Optimizing imperative functions in relational databases with Froid
For decades, databases have supported declarative SQL as well as imperative functions and procedures as ways for users to express data processing tasks. While the evaluation of declarative SQL has received a lot of attention resulting in highly sophisticated techniques, improvements in the efficient evaluation of imperative programs have remained elusive.
Imperative User-Defined Functions (UDFs) and procedures offer several benefits over SQL, including code modularity, reusability and readability. Because of these benefits, imperative programs often are preferred by users and are widely used. Unfortunately, their poor performance discourages and even prohibits their use in many situations. Recognizing the importance of this problem and how little attention it has received, a team of computer scientists at Microsoft’s Gray Systems Lab resolved to rethink the way imperative functions are evaluated in databases.

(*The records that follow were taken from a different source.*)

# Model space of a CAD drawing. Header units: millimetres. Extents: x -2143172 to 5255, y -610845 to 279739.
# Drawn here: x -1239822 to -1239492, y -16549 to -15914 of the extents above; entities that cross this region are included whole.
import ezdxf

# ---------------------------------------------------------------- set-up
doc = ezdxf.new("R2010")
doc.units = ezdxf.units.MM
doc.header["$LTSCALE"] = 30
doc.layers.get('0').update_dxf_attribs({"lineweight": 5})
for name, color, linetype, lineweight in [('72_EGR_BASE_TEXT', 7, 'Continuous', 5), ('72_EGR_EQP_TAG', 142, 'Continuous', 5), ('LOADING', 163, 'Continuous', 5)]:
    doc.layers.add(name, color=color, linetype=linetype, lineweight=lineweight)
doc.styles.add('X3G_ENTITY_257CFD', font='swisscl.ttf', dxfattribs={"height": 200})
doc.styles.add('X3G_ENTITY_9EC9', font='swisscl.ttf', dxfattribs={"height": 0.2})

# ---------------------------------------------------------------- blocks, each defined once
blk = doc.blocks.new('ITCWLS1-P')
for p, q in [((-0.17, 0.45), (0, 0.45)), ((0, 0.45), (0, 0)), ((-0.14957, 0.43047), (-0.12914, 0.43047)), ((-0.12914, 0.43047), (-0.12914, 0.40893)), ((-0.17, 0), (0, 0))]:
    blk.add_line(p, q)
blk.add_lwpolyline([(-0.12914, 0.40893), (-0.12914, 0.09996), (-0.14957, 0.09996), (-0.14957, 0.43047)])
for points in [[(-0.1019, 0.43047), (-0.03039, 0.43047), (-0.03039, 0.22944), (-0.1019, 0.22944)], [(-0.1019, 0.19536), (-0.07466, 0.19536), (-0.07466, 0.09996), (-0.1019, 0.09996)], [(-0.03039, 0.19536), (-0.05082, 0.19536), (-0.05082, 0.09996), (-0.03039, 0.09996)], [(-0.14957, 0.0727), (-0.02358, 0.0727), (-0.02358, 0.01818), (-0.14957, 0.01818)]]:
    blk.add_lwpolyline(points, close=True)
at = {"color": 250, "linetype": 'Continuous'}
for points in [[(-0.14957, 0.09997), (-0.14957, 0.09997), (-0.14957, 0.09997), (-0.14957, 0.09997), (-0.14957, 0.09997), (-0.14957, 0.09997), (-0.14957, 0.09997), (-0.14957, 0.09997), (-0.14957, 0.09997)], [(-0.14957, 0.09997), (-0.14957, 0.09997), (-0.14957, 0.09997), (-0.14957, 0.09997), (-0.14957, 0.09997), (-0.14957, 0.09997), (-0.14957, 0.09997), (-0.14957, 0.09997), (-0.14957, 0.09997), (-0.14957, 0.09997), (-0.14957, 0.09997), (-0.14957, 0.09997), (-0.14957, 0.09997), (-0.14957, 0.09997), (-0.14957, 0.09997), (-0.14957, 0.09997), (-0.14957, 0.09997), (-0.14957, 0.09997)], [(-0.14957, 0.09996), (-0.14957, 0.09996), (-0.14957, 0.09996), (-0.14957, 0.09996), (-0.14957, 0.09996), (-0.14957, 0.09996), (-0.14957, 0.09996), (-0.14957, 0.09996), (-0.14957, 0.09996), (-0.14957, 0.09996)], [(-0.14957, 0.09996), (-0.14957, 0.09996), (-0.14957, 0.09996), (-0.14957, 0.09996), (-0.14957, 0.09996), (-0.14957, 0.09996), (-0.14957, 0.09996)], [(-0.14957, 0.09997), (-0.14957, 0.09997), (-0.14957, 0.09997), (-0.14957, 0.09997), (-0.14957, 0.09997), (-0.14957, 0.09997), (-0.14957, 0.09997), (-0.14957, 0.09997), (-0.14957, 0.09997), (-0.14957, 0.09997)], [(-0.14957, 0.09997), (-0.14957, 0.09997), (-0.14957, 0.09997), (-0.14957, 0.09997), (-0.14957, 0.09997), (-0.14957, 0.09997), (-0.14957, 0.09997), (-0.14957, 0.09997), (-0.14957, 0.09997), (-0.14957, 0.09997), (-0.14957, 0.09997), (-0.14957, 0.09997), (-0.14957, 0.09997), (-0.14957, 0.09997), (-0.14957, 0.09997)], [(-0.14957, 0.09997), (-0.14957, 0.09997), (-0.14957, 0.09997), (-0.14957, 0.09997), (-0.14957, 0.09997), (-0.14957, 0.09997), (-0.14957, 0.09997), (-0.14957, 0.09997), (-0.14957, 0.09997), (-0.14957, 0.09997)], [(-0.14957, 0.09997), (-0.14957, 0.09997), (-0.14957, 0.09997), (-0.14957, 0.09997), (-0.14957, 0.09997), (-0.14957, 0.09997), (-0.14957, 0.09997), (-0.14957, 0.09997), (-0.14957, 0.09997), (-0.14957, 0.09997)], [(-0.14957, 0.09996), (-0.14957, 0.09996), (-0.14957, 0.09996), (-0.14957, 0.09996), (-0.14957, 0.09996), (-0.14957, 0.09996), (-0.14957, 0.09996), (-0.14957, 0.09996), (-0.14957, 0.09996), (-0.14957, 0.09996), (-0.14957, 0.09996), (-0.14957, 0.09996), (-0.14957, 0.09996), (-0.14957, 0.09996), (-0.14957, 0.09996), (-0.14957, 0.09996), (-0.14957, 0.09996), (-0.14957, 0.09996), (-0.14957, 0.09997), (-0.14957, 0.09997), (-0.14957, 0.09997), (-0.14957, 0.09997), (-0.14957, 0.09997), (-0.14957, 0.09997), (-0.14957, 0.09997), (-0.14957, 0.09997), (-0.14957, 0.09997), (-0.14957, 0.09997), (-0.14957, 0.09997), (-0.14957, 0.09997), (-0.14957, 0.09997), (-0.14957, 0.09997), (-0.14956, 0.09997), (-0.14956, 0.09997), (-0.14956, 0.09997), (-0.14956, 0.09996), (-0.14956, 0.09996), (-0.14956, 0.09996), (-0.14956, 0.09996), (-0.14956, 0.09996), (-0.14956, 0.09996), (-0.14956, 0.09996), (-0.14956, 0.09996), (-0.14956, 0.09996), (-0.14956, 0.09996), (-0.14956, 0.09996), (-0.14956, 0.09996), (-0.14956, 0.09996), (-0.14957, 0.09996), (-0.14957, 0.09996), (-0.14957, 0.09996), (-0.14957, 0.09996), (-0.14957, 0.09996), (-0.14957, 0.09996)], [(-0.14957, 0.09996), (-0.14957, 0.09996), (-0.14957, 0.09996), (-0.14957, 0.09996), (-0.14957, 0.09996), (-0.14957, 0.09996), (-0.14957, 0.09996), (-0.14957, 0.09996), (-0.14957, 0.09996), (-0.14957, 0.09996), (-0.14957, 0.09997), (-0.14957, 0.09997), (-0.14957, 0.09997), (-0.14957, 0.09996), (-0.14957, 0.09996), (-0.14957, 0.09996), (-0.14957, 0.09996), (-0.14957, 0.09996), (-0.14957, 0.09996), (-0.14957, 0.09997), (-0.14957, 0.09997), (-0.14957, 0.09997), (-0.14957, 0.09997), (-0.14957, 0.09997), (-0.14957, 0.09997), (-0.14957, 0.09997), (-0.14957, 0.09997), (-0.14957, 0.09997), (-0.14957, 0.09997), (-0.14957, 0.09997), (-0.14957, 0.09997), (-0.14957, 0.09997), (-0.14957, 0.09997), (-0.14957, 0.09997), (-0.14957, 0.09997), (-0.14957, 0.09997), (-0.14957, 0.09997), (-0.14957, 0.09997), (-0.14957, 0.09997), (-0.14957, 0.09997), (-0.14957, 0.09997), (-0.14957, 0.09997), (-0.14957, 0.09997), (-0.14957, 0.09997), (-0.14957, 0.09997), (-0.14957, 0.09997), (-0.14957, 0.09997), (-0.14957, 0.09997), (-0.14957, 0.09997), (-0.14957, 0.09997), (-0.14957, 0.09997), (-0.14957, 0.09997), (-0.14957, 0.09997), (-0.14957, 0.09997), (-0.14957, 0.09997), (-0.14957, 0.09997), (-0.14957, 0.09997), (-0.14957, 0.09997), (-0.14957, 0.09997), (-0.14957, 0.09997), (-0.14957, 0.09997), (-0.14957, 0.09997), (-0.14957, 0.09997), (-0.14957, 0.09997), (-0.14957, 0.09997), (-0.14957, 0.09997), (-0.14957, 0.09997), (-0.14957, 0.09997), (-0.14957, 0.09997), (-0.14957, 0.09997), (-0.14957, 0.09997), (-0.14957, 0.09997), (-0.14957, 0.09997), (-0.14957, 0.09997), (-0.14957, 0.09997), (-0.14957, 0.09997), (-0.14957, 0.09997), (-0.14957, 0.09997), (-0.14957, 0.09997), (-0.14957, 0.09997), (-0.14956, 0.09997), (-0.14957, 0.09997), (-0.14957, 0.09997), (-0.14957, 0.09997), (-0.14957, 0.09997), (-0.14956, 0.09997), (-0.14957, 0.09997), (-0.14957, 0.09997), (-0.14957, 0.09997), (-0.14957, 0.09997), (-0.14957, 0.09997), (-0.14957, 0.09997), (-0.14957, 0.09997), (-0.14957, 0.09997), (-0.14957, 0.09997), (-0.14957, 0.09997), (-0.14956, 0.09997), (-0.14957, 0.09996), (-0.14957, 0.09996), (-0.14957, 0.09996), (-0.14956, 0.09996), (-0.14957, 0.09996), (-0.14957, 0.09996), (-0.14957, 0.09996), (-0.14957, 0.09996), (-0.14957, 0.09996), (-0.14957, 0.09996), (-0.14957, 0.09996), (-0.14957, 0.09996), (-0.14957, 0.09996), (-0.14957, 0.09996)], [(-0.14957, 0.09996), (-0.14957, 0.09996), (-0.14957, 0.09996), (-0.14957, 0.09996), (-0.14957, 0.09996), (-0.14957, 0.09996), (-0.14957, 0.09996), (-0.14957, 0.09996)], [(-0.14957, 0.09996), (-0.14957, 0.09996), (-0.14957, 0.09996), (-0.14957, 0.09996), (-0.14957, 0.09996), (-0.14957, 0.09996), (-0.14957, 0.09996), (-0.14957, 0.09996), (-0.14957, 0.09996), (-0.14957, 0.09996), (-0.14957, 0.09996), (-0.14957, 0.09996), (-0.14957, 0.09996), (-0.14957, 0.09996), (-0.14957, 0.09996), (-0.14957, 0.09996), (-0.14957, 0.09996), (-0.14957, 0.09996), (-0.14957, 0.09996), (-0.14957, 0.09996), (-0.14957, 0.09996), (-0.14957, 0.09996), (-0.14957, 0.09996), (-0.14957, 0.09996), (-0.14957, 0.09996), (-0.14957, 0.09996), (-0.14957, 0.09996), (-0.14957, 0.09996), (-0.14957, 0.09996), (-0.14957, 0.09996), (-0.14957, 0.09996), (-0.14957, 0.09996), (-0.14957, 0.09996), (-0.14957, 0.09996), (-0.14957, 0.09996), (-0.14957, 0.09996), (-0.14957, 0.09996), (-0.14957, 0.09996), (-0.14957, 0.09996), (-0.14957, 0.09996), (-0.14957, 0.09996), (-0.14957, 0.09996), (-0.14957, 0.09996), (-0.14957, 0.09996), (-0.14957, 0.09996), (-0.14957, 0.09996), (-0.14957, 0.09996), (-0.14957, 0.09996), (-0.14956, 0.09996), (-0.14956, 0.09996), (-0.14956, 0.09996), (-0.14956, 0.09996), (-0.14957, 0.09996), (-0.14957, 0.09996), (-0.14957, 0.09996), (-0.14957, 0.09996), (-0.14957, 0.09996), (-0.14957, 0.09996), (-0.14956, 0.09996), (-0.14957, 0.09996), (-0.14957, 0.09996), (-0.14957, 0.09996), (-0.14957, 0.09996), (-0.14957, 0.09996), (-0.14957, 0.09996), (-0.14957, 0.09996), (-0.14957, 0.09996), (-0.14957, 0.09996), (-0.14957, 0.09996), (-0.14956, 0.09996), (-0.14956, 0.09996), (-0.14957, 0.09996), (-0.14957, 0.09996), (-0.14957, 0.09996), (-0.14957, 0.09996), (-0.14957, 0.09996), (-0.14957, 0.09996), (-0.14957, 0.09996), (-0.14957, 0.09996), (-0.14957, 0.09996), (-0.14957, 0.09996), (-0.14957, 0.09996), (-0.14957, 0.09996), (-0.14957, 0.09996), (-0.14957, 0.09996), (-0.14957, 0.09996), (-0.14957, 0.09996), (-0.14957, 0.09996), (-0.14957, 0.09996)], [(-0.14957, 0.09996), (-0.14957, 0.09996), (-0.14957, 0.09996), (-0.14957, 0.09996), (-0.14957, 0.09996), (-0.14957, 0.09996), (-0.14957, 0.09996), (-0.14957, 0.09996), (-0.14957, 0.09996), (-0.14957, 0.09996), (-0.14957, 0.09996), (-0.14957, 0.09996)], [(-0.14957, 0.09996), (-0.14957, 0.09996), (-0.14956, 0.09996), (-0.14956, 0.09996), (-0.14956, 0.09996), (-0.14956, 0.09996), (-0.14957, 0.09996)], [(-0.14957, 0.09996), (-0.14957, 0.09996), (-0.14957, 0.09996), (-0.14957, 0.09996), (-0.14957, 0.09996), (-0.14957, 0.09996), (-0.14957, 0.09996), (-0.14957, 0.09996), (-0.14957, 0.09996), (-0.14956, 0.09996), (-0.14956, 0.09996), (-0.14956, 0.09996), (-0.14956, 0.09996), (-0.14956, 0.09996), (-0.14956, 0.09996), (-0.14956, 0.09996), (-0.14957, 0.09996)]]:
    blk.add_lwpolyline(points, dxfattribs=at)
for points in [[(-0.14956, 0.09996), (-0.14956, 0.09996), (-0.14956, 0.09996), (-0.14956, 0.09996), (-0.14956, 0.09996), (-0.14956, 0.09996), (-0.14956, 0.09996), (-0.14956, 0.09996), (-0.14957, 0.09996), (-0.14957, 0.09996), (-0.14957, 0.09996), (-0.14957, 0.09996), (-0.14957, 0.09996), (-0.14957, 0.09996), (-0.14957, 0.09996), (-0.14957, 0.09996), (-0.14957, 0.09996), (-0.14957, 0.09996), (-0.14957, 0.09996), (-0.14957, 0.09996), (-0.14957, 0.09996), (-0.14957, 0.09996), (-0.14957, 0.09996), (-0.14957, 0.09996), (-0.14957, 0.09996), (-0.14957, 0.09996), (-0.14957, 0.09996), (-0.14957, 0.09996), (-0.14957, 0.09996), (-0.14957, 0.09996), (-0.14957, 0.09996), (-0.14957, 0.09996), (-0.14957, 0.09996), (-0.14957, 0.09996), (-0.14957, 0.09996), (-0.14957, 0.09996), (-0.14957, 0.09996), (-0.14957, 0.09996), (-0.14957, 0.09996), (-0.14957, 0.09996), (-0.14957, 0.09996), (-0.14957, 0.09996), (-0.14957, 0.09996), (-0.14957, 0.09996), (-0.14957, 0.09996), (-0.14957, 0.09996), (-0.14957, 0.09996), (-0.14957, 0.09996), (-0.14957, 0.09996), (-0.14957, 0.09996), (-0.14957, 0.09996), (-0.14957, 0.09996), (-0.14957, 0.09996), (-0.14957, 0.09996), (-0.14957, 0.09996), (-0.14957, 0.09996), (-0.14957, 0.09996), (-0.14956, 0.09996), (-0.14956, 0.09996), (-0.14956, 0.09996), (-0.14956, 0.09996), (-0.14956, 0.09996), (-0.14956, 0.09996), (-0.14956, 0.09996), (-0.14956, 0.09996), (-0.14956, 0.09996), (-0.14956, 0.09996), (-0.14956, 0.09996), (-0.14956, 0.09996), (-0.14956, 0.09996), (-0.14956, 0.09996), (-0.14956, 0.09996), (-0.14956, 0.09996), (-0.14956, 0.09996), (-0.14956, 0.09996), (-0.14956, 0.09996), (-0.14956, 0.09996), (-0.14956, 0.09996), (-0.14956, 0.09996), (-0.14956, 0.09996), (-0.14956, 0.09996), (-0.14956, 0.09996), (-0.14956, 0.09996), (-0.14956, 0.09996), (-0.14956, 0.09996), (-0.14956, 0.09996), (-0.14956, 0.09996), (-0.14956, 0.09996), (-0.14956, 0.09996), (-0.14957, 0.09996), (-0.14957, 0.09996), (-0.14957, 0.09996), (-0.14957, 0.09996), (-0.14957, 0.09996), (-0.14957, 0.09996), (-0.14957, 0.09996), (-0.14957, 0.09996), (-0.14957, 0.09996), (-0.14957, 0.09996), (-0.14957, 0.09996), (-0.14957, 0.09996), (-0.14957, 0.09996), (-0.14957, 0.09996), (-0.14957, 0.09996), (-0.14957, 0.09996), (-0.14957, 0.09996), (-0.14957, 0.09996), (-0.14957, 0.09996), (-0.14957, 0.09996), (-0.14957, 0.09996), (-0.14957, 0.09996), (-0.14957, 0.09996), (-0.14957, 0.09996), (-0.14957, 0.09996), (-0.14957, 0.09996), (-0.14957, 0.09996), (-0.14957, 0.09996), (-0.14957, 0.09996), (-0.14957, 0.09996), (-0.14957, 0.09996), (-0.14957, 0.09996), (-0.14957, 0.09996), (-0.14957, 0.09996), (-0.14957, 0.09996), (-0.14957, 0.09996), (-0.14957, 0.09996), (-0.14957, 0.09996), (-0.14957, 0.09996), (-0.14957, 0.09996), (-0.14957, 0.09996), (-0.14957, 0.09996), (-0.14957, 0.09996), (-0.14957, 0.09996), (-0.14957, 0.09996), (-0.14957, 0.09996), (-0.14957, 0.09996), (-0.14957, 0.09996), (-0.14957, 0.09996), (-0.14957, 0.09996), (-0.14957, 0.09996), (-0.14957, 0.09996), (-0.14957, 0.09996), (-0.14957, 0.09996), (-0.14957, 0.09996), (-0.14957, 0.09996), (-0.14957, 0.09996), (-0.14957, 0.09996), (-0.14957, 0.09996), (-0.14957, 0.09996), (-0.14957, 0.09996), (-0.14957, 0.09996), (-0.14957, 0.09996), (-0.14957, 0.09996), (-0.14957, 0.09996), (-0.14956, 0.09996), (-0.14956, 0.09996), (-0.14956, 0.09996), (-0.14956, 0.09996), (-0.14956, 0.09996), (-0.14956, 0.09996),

The outcome of their efforts is Froid, an extensible framework for optimizing imperative programs in relational databases. This work first appeared in a paper at PVLDB titled, “Froid: Optimization of Imperative Programs in a Relational Database” and is going to be presented at VLDB 2018. The purpose of Froid is to enable developers to use the abstraction of UDFs without compromising on performance. Froid introduces a radically different approach to evaluating imperative functions that results in performance improvements of up to multiple orders or magnitude over the existing state of the art.
The root cause of poor performance of UDFs can be attributed to what is known as the impedance mismatch between two distinct programming paradigms at play – the declarative paradigm of SQL and the imperative paradigm of procedural code. Reconciling this mismatch is crucial in order to address this problem and forms the crux of this work.
At the core of Froid is a novel technique that automatically can transform an entire multi-statement UDF into an equivalent relational algebraic expression. This form is now amenable to cost-based optimization and results in highly efficient, set-oriented, parallelizable execution strategies as opposed to inefficient, iterative, serial execution of UDFs.
Today’s database systems are very good at optimizing SQL queries – essentially relational algebraic expressions. One of the key advantages of Froid’s approach is that it leverages existing query optimization rules and techniques by transforming the imperative program into a form that the database query optimizer already understands. In other words, Froid reconciles the declarative-imperative impedance mismatch by transforming imperative programs into a declarative form.
Imperative programs typically go through a compiler that performs several transformations and optimizations. It can be argued that we could use well-known compiler optimization techniques to optimize UDFs as well. However, UDFs executing in a relational database present a different set of challenges and opportunities. For instance, relational operations such as JOINs and GROUP BYs could be implicit in a UDF, and a traditional compiler will not be able to infer such operations.
Froid’s approach not only infers such implicit relational operations but it also automatically brings the benefits of many of these compiler optimizations to UDFs. The relational algebraic transformations built into Froid can be used to arrive at the same result as that of applying compiler optimizations (such as dead code elimination, program slicing and constant folding) to imperative code.
Users prefer to write imperative functions and procedures in a language of their choice, the popular ones being T-SQL, C#, Python, R, Java, and so on. Although Froid’s current focus is on T-SQL UDFs, the underlying technique is language-agnostic; extending it to other imperative languages is quite straightforward.
Based on an experimental evaluation on several real workloads, we demonstrate that Froid can optimize a fairly large subset of UDFs in the wild and it can result in significant benefits in both improving performance and reducing resource (CPU and IO) utilization. Figure 1 shows the factor of improvement observed thanks to Froid on one of the customer workloads. This workload had 93 UDFs and Froid was able to optimize 86 of them. UDFs are plotted along the x-axis, ordered by the observed improvement with Froid (in descending order). The y-axis shows the factor of improvement (in log scale). You can see that the UDFs run about 5x to 1000x faster due to Froid. More details and evaluations can be found in our paper.
We believe this work will enable and encourage wider use of UDFs to build modular, reusable and maintainable applications without compromising on performance and we’re looking forward to discussing the possibilities with you in person in Rio de Janeiro at VLDB 2018!